:: WHAT YOU NEED TO DO ::
State the number of lines in the following data that contain the string "ports", and nothing else.

┄┄┄┄┄┄┄┄┄┄

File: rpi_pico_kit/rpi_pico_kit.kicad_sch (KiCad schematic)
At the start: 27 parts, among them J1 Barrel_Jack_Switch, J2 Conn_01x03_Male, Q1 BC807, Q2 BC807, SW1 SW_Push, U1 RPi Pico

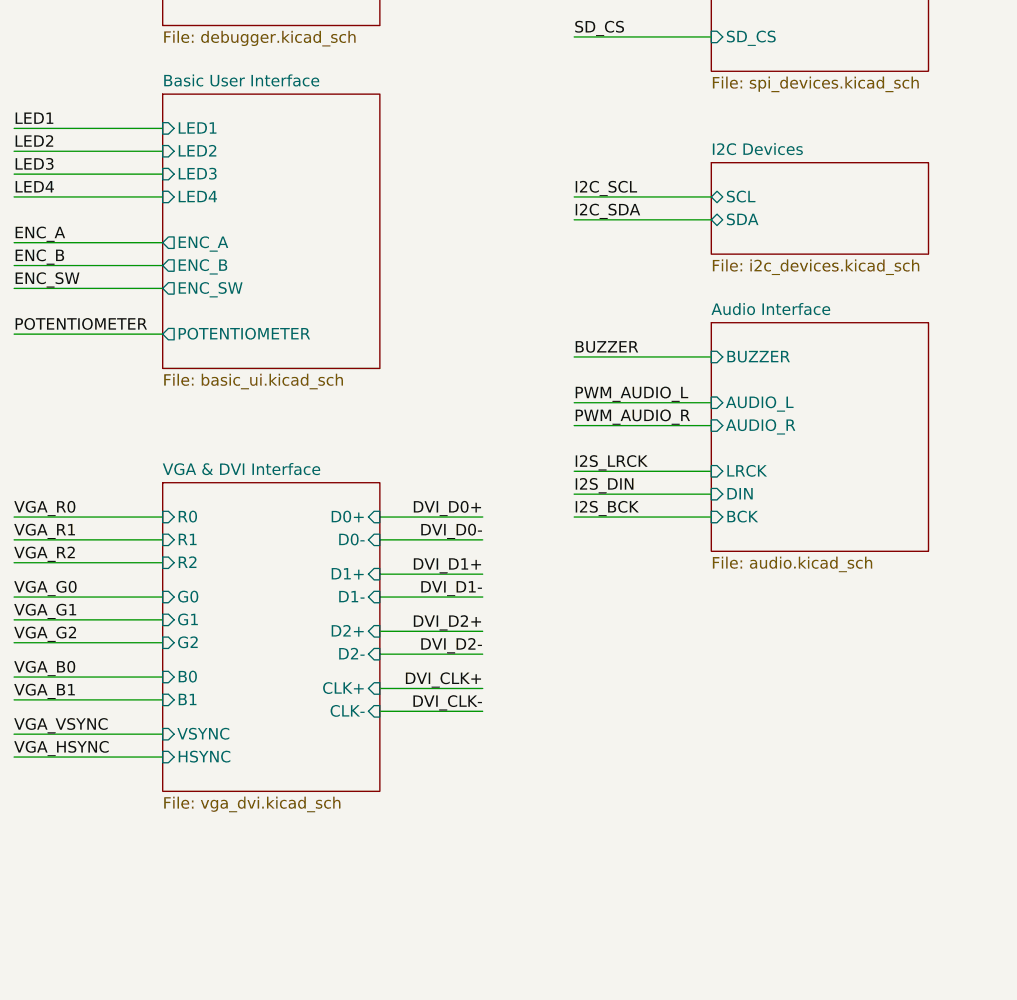
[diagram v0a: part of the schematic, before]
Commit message: added i2c interface for vga and dvi
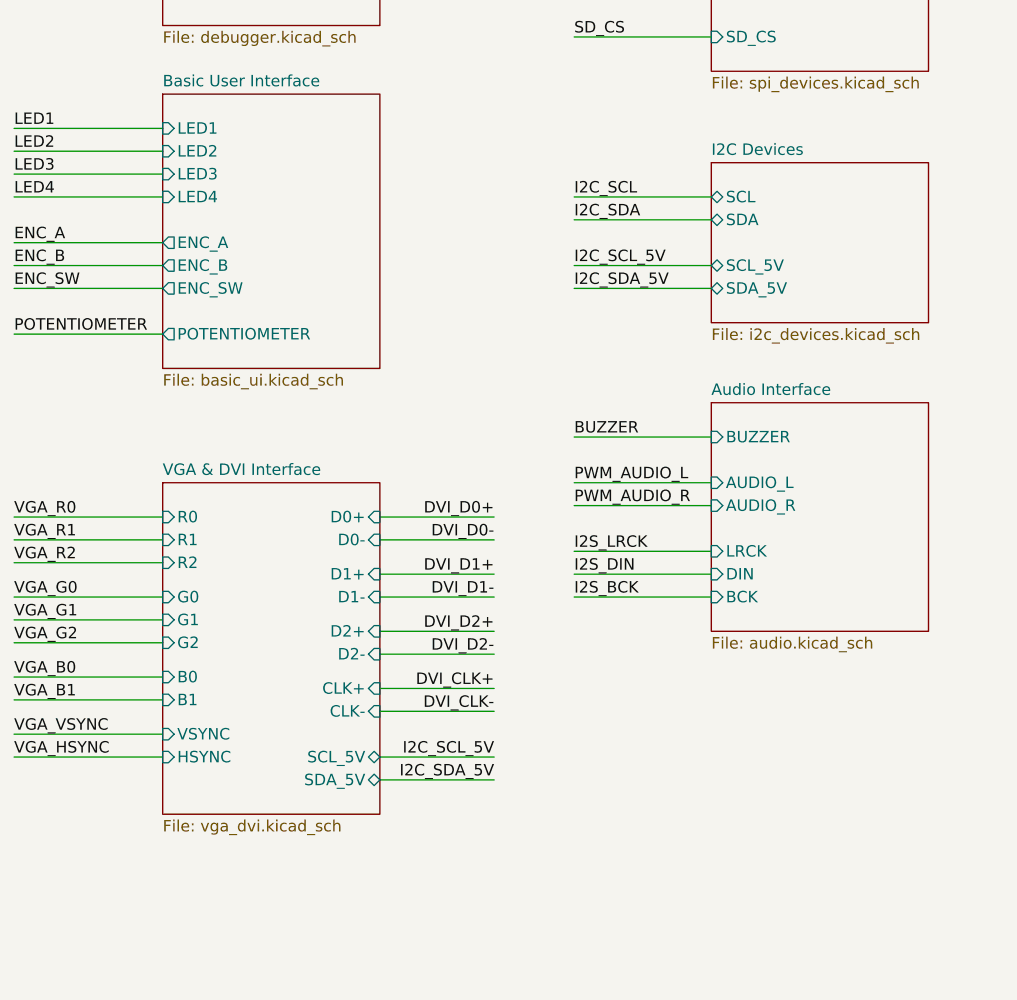
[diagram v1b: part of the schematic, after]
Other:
- sheet I2C Devices ports: added SCL_5V, SDA_5V; removed none
- sheet VGA & DVI Interface ports: added SCL_5V, SDA_5V; removed none

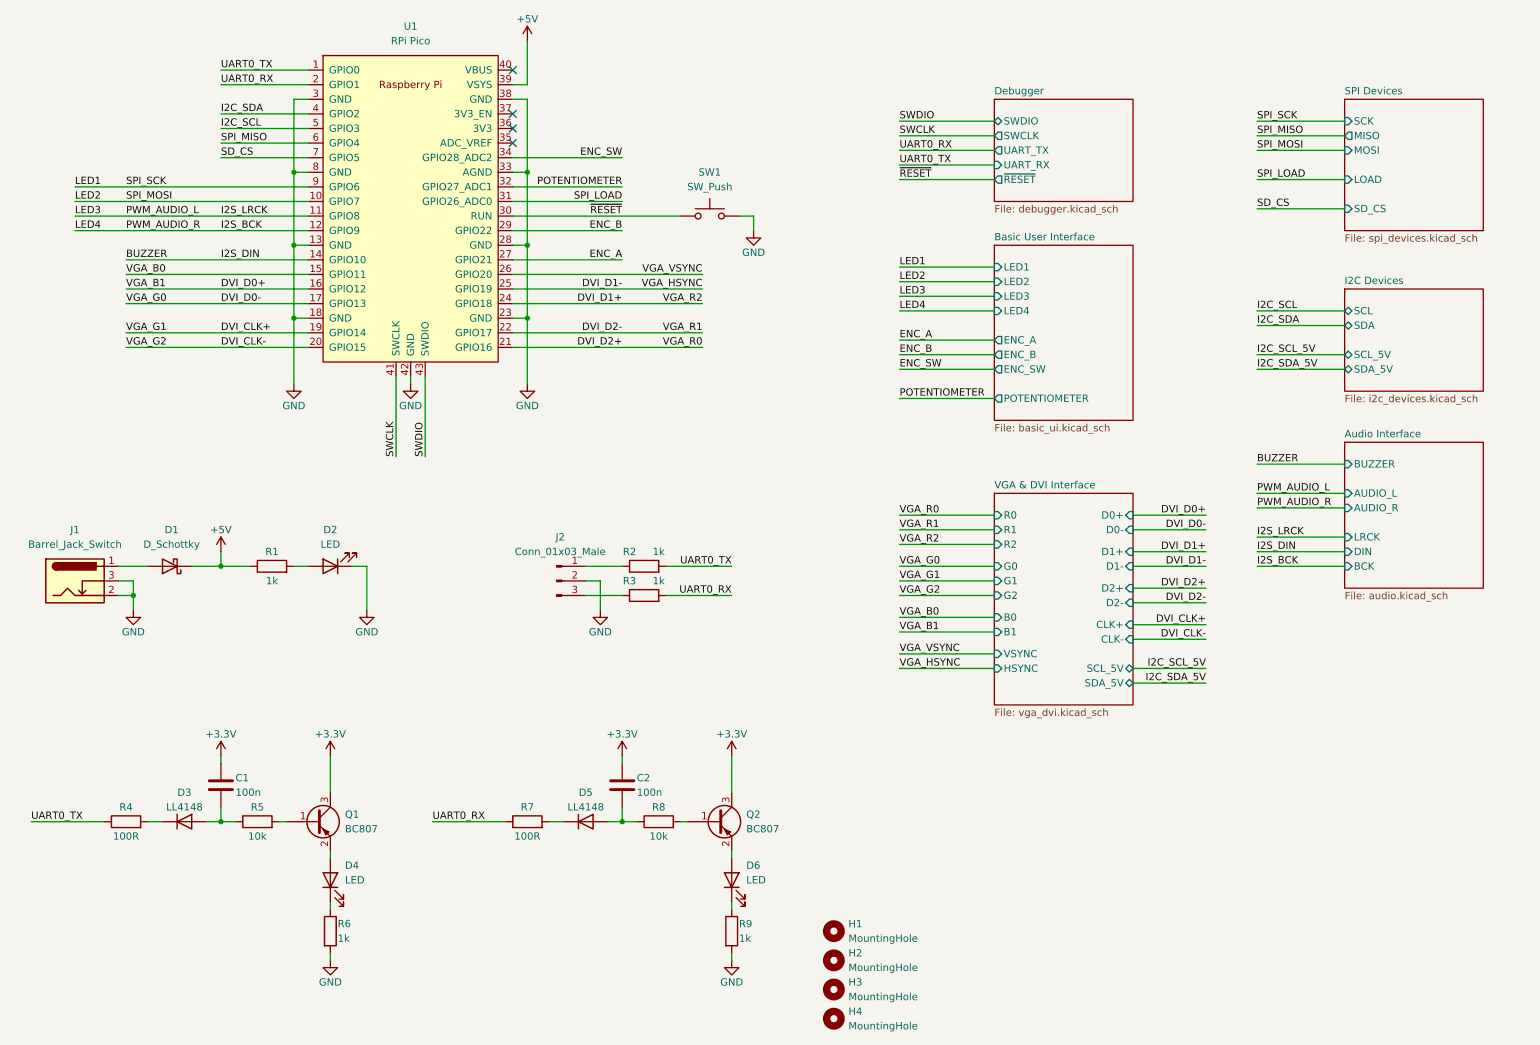
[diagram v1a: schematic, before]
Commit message: added uart selector
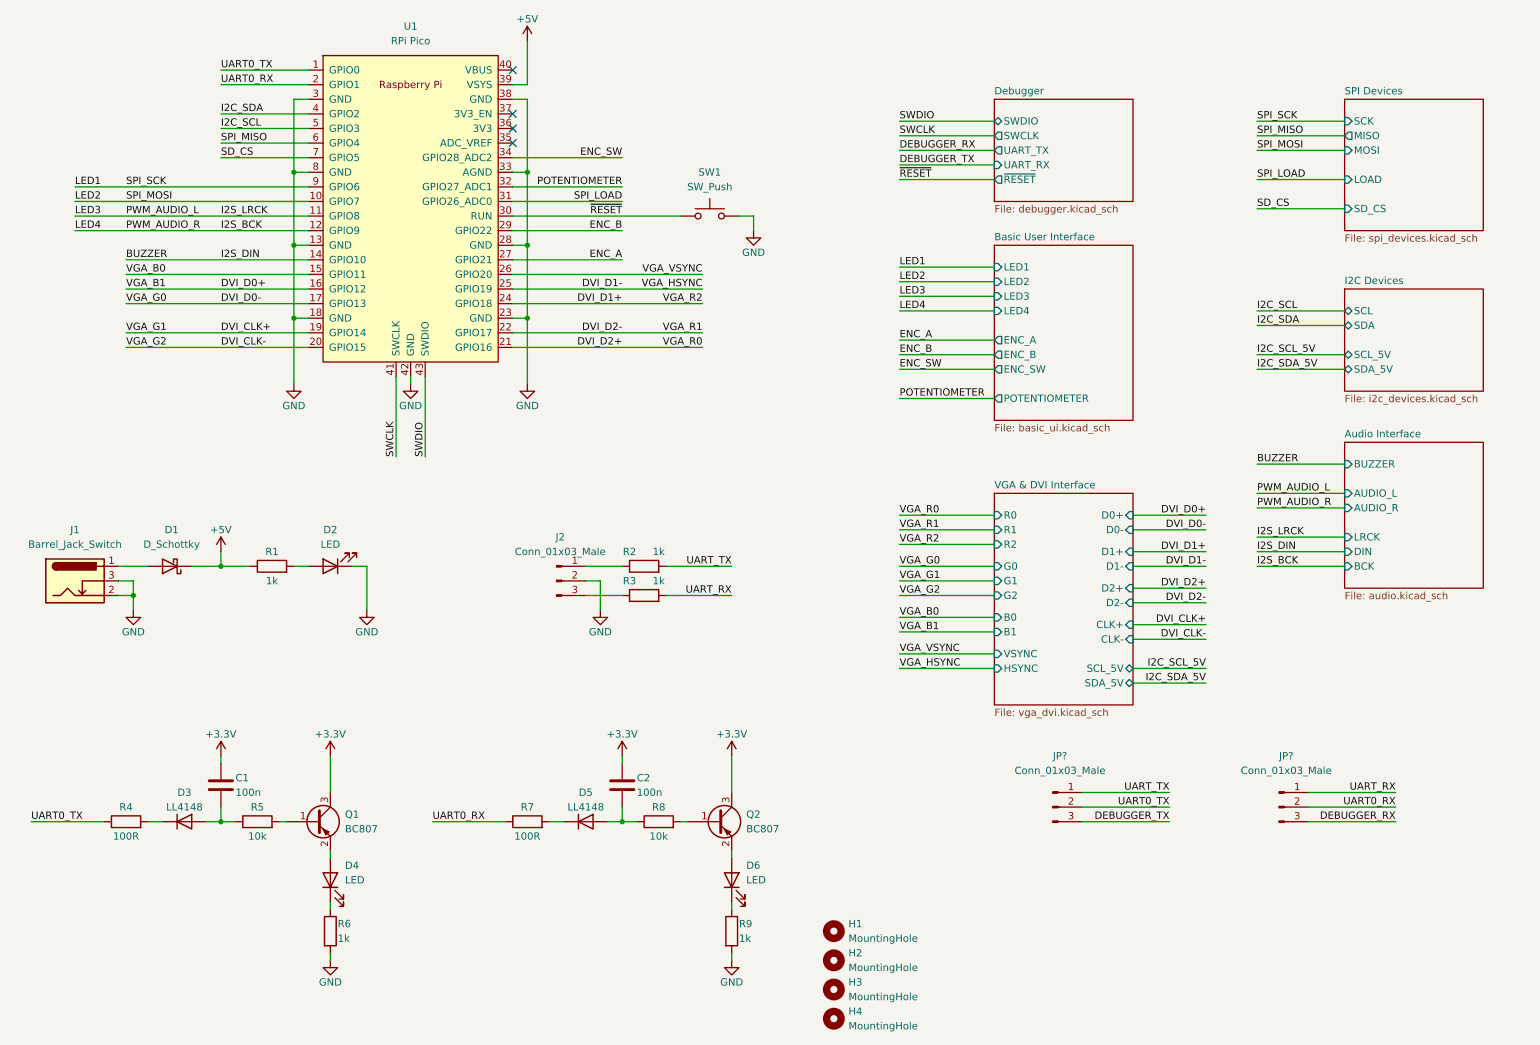
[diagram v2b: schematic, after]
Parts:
- added JP? (x2): Conn_01x03_Male, symbol Connector:Conn_01x03_Male
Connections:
- net UART0_RX: now also JP?.2 (Pin_2); no longer R3.2
- net UART0_TX: now also JP?.2 (Pin_2); no longer R2.2
- new net DEBUGGER_RX: JP?.3 (Pin_3)
- new net DEBUGGER_TX: JP?.3 (Pin_3)
- new net UART_RX: JP?.1 (Pin_1), R3.2
- new net UART_TX: JP?.1 (Pin_1), R2.2
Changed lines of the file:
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@@
+    (stroke (width 0) (type default))
+  )
+  (wire (pts (xy 203.2 157.48) (xy 218.44 157.48))
     (stroke (width 0) (type default))
   )
@@
     (stroke (width 0) (type default))
   )
+  (wire (pts (xy 203.2 154.94) (xy 218.44 154.94))
+    (stroke (width 0) (type default))
+  )
   (wire (pts (xy 78.74 115.57) (xy 78.74 123.19))
     (stroke (width 0) (type default))
@@
     (stroke (width 0) (type default))
   )
+  (wire (pts (xy 242.57 154.94) (xy 257.81 154.94))
+    (stroke (width 0) (type default))
+  )
   (wire (pts (xy 233.68 78.74) (xy 248.92 78.74))
     (stroke (width 0) (type default))
@@
     (stroke (width 0) (type default))
   )
+  (wire (pts (xy 242.57 157.48) (xy 257.81 157.48))
+    (stroke (width 0) (type default))
+  )
   (wire (pts (xy 66.04 34.29) (xy 66.04 46.99))
     (stroke (width 0) (type default))
@@
     (stroke (width 0) (type default))
   )
+  (wire (pts (xy 203.2 160.02) (xy 218.44 160.02))
+    (stroke (width 0) (type default))
+  )
   (wire (pts (xy 212.09 133.35) (xy 224.79 133.35))
     (stroke (width 0) (type default))
@@
     (stroke (width 0) (type default))
   )
+  (wire (pts (xy 242.57 160.02) (xy 257.81 160.02))
+    (stroke (width 0) (type default))
+  )
   (wire (pts (xy 171.45 81.28) (xy 187.96 81.28))
     (stroke (width 0) (type default))
@@
     (effects (font (size 1.27 1.27)) (justify left bottom))
   )
-  (label "UART0_TX" (at 171.45 45.72 0) (fields_autoplaced)
+  (label "DEBUGGER_TX" (at 171.45 45.72 0) (fields_autoplaced)
     (effects (font (size 1.27 1.27)) (justify left bottom))
   )
@@
     (effects (font (size 1.27 1.27)) (justify left bottom))
   )
+  (label "UART0_TX" (at 218.44 157.48 0) (fields_autoplaced)
+    (effects (font (size 1.27 1.27)) (justify right bottom))
+  )
   (label "I2C_SCL" (at 233.68 71.12 0) (fields_autoplaced)
     (effects (font (size 1.27 1.27)) (justify left bottom))
@@
     (effects (font (size 1.27 1.27)) (justify left bottom))
   )
-  (label "UART0_RX" (at 142.24 120.65 0) (fields_autoplaced)
+  (label "UART_RX" (at 142.24 120.65 0) (fields_autoplaced)
     (effects (font (size 1.27 1.27)) (justify right bottom))
   )
@@
     (effects (font (size 1.27 1.27)) (justify left bottom))
   )
-  (label "UART0_RX" (at 171.45 43.18 0) (fields_autoplaced)
+  (label "DEBUGGER_RX" (at 171.45 43.18 0) (fields_autoplaced)
     (effects (font (size 1.27 1.27)) (justify left bottom))
   )
@@
     (effects (font (size 1.27 1.27)) (justify left bottom))
   )
-  (label "UART0_TX" (at 142.24 115.57 0) (fields_autoplaced)
+  (label "UART_TX" (at 142.24 115.57 0) (fields_autoplaced)
     (effects (font (size 1.27 1.27)) (justify right bottom))
   )
@@
     (effects (font (size 1.27 1.27)) (justify left bottom))
   )
+  (label "UART_RX" (at 257.81 154.94 0) (fields_autoplaced)
+    (effects (font (size 1.27 1.27)) (justify right bottom))
+  )
   (label "VGA_G2" (at 36.83 77.47 0) (fields_autoplaced)
     (effects (font (size 1.27 1.27)) (justify left bottom))
@@
     (effects (font (size 1.27 1.27)) (justify right bottom))
   )
+  (label "DEBUGGER_TX" (at 218.44 160.02 0) (fields_autoplaced)
+    (effects (font (size 1.27 1.27)) (justify right bottom))
+  )
   (label "I2C_SCL_5V" (at 224.79 133.35 0) (fields_autoplaced)
     (effects (font (size 1.27 1.27)) (justify right bottom))
@@
     (effects (font (size 1.27 1.27)) (justify left bottom))
   )
+  (label "DEBUGGER_RX" (at 257.81 160.02 0) (fields_autoplaced)
+    (effects (font (size 1.27 1.27)) (justify right bottom))
+  )
   (label "SPI_MISO" (at 53.34 41.91 0) (fields_autoplaced)
     (effects (font (size 1.27 1.27)) (justify left bottom))
@@
     (effects (font (size 1.27 1.27)) (justify right bottom))
   )
+  (label "UART_TX" (at 218.44 154.94 0) (fields_autoplaced)
+    (effects (font (size 1.27 1.27)) (justify right bottom))
+  )
   (label "UART0_TX" (at 53.34 29.21 0) (fields_autoplaced)
     (effects (font (size 1.27 1.27)) (justify left bottom))
@@
   (label "SPI_MOSI" (at 233.68 43.18 0) (fields_autoplaced)
     (effects (font (size 1.27 1.27)) (justify left bottom))
+  )
+  (label "UART0_RX" (at 257.81 157.48 0) (fields_autoplaced)
+    (effects (font (size 1.27 1.27)) (justify right bottom))
   )
   (label "SPI_SCK" (at 233.68 38.1 0) (fields_autoplaced)
@@
     (pin "2")
   )
+  (symbol (lib_id "Connector:Conn_01x03_Male") (at 237.49 157.48 0) (unit 1)
+    (in_bom yes) (on_board yes)
+    (property "Reference" "JP?" (id 0) (at 238.76 148.59 0)
+      (effects (font (size 1.27 1.27)))
+    )
+    (property "Value" "Conn_01x03_Male" (id 1) (at 238.76 151.13 0)
+      (effects (font (size 1.27 1.27)))
+    )
+    (property "Footprint" "" (id 2) (at 237.49 157.48 0)
+      (effects (font (size 1.27 1.27)) hide)
+    )
+    (property "Datasheet" "~" (id 3) (at 237.49 157.48 0)
+      (effects (font (size 1.27 1.27)) hide)
+    )
+    (pin "1")
+    (pin "2")
+    (pin "3")
+  )
   (symbol (lib_id "Device:C") (at 53.34 153.67 180) (unit 1)
     (in_bom yes) (on_board yes)
@@
     (pin "1")
     (pin "2")
+  )
+  (symbol (lib_id "Connector:Conn_01x03_Male") (at 198.12 157.48 0) (unit 1)
+    (in_bom yes) (on_board yes)
+    (property "Reference" "JP?" (id 0) (at 199.39 148.59 0)
+      (effects (font (size 1.27 1.27)))
+    )
+    (property "Value" "Conn_01x03_Male" (id 1) (at 199.39 151.13 0)
+      (effects (font (size 1.27 1.27)))
+    )
+    (property "Footprint" "" (id 2) (at 198.12 157.48 0)
+      (effects (font (size 1.27 1.27)) hide)
+    )
+    (property "Datasheet" "~" (id 3) (at 198.12 157.48 0)
+      (effects (font (size 1.27 1.27)) hide)
+    )
+    (pin "1")
+    (pin "2")
+    (pin "3")
   )
   (symbol (lib_id "Device:D_Schottky") (at 44.45 115.57 180) (unit 1)
@@
       (reference "JP3") (unit 1) (value "Jumper_2_Open") (footprint "TestPoint:TestPoint_2Pads_Pitch2.54mm_Drill0.8mm")
     )
+    (path "/67656a88-3e99-417f-b639-7ef3302321d2"
+      (reference "JP?") (unit 1) (value "Conn_01x03_Male") (footprint "")
+    )
+    (path "/6eecff7e-30f9-4f28-984d-38395d6865ec"
+      (reference "JP?") (unit 1) (value "Conn_01x03_Male") (footprint "")
+    )
     (path "/91c22ee0-3402-49cb-8c0d-c5afcfd276c7"

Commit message: added some footprints
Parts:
- J2: footprint (none) -> Connector_PinHeader_2.54mm:PinHeader_1x03_P2.54mm_Vertical
- JP4, JP5: renamed from JP?; footprint (none) -> Connector_PinHeader_2.54mm:PinHeader_1x03_P2.54mm_Vertical
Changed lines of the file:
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@@
   (symbol (lib_id "Connector:Conn_01x03_Male") (at 237.49 157.48 0) (unit 1)
     (in_bom yes) (on_board yes)
-    (property "Reference" "JP?" (id 0) (at 238.76 148.59 0)
+    (property "Reference" "JP5" (id 0) (at 238.76 148.59 0)
       (effects (font (size 1.27 1.27)))
     )
@@
       (effects (font (size 1.27 1.27)))
     )
-    (property "Footprint" "" (id 2) (at 237.49 157.48 0)
+    (property "Footprint" "Connector_PinHeader_2.54mm:PinHeader_1x03_P2.54mm_Vertical" (id 2) (at 237.49 157.48 0)
       (effects (font (size 1.27 1.27)) hide)
     )
@@
   (symbol (lib_id "Connector:Conn_01x03_Male") (at 198.12 157.48 0) (unit 1)
     (in_bom yes) (on_board yes)
-    (property "Reference" "JP?" (id 0) (at 199.39 148.59 0)
+    (property "Reference" "JP4" (id 0) (at 199.39 148.59 0)
       (effects (font (size 1.27 1.27)))
     )
@@
       (effects (font (size 1.27 1.27)))
     )
-    (property "Footprint" "" (id 2) (at 198.12 157.48 0)
+    (property "Footprint" "Connector_PinHeader_2.54mm:PinHeader_1x03_P2.54mm_Vertical" (id 2) (at 198.12 157.48 0)
       (effects (font (size 1.27 1.27)) hide)
     )
@@
       (effects (font (size 1.27 1.27)))
     )
-    (property "Footprint" "" (id 2) (at 111.76 118.11 0)
+    (property "Footprint" "Connector_PinHeader_2.54mm:PinHeader_1x03_P2.54mm_Vertical" (id 2) (at 111.76 118.11 0)
       (effects (font (size 1.27 1.27)) hide)
     )
@@
     )
     (path "/9fa08ac3-227f-4cf0-bd88-360446d7d584/6429a062-d753-4165-91f8-badf014add71"
-      (reference "#PWR?") (unit 1) (value "GND") (footprint "")
+      (reference "#PWR0146") (unit 1) (value "GND") (footprint "")
     )
     (path "/9fa08ac3-227f-4cf0-bd88-360446d7d584/a9382fcb-fc51-4b98-bf97-972b46fc0949"
-      (reference "#PWR?") (unit 1) (value "+5V") (footprint "")
+      (reference "#PWR0147") (unit 1) (value "+5V") (footprint "")
     )
     (path "/2bd19bd1-2975-4b91-a884-8b1113539e97/a927f1f4-98ba-40b8-bb8d-0eaab95070e5"
@@
     )
     (path "/9fa08ac3-227f-4cf0-bd88-360446d7d584/6c464c76-0603-4471-9260-a10f77de9af3"
-      (reference "C?") (unit 1) (value "100n") (footprint "Capacitor_SMD:C_0805_2012Metric_Pad1.18x1.45mm_HandSolder")
+      (reference "C43") (unit 1) (value "100n") (footprint "Capacitor_SMD:C_0805_2012Metric_Pad1.18x1.45mm_HandSolder")
     )
     (path "/7347ff23-167b-4742-8802-80fd4b05fc44"
@@
     )
     (path "/ddd6a23d-057a-44b2-bd8d-c0bba27bdf0d"
-      (reference "J2") (unit 1) (value "Conn_01x03_Male") (footprint "")
+      (reference "J2") (unit 1) (value "Conn_01x03_Male") (footprint "Connector_PinHeader_2.54mm:PinHeader_1x03_P2.54mm_Vertical")
     )
     (path "/fe15dc26-52fc-427e-8179-2b8bb41b57bb/b746b086-d024-409d-bd6c-0149ccf84dd5"
@@
       (reference "JP3") (unit 1) (value "Jumper_2_Open") (footprint "TestPoint:TestPoint_2Pads_Pitch2.54mm_Drill0.8mm")
     )
+    (path "/6eecff7e-30f9-4f28-984d-38395d6865ec"
+      (reference "JP4") (unit 1) (value "Conn_01x03_Male") (footprint "Connector_PinHeader_2.54mm:PinHeader_1x03_P2.54mm_Vertical")
+    )
     (path "/67656a88-3e99-417f-b639-7ef3302321d2"
-      (reference "JP?") (unit 1) (value "Conn_01x03_Male") (footprint "")
-    )
-    (path "/6eecff7e-30f9-4f28-984d-38395d6865ec"
-      (reference "JP?") (unit 1) (value "Conn_01x03_Male") (footprint "")
+      (reference "JP5") (unit 1) (value "Conn_01x03_Male") (footprint "Connector_PinHeader_2.54mm:PinHeader_1x03_P2.54mm_Vertical")
     )
     (path "/91c22ee0-3402-49cb-8c0d-c5afcfd276c7"

┄┄┄┄┄┄┄┄┄┄

:: EXPECTED ANSWER ::
2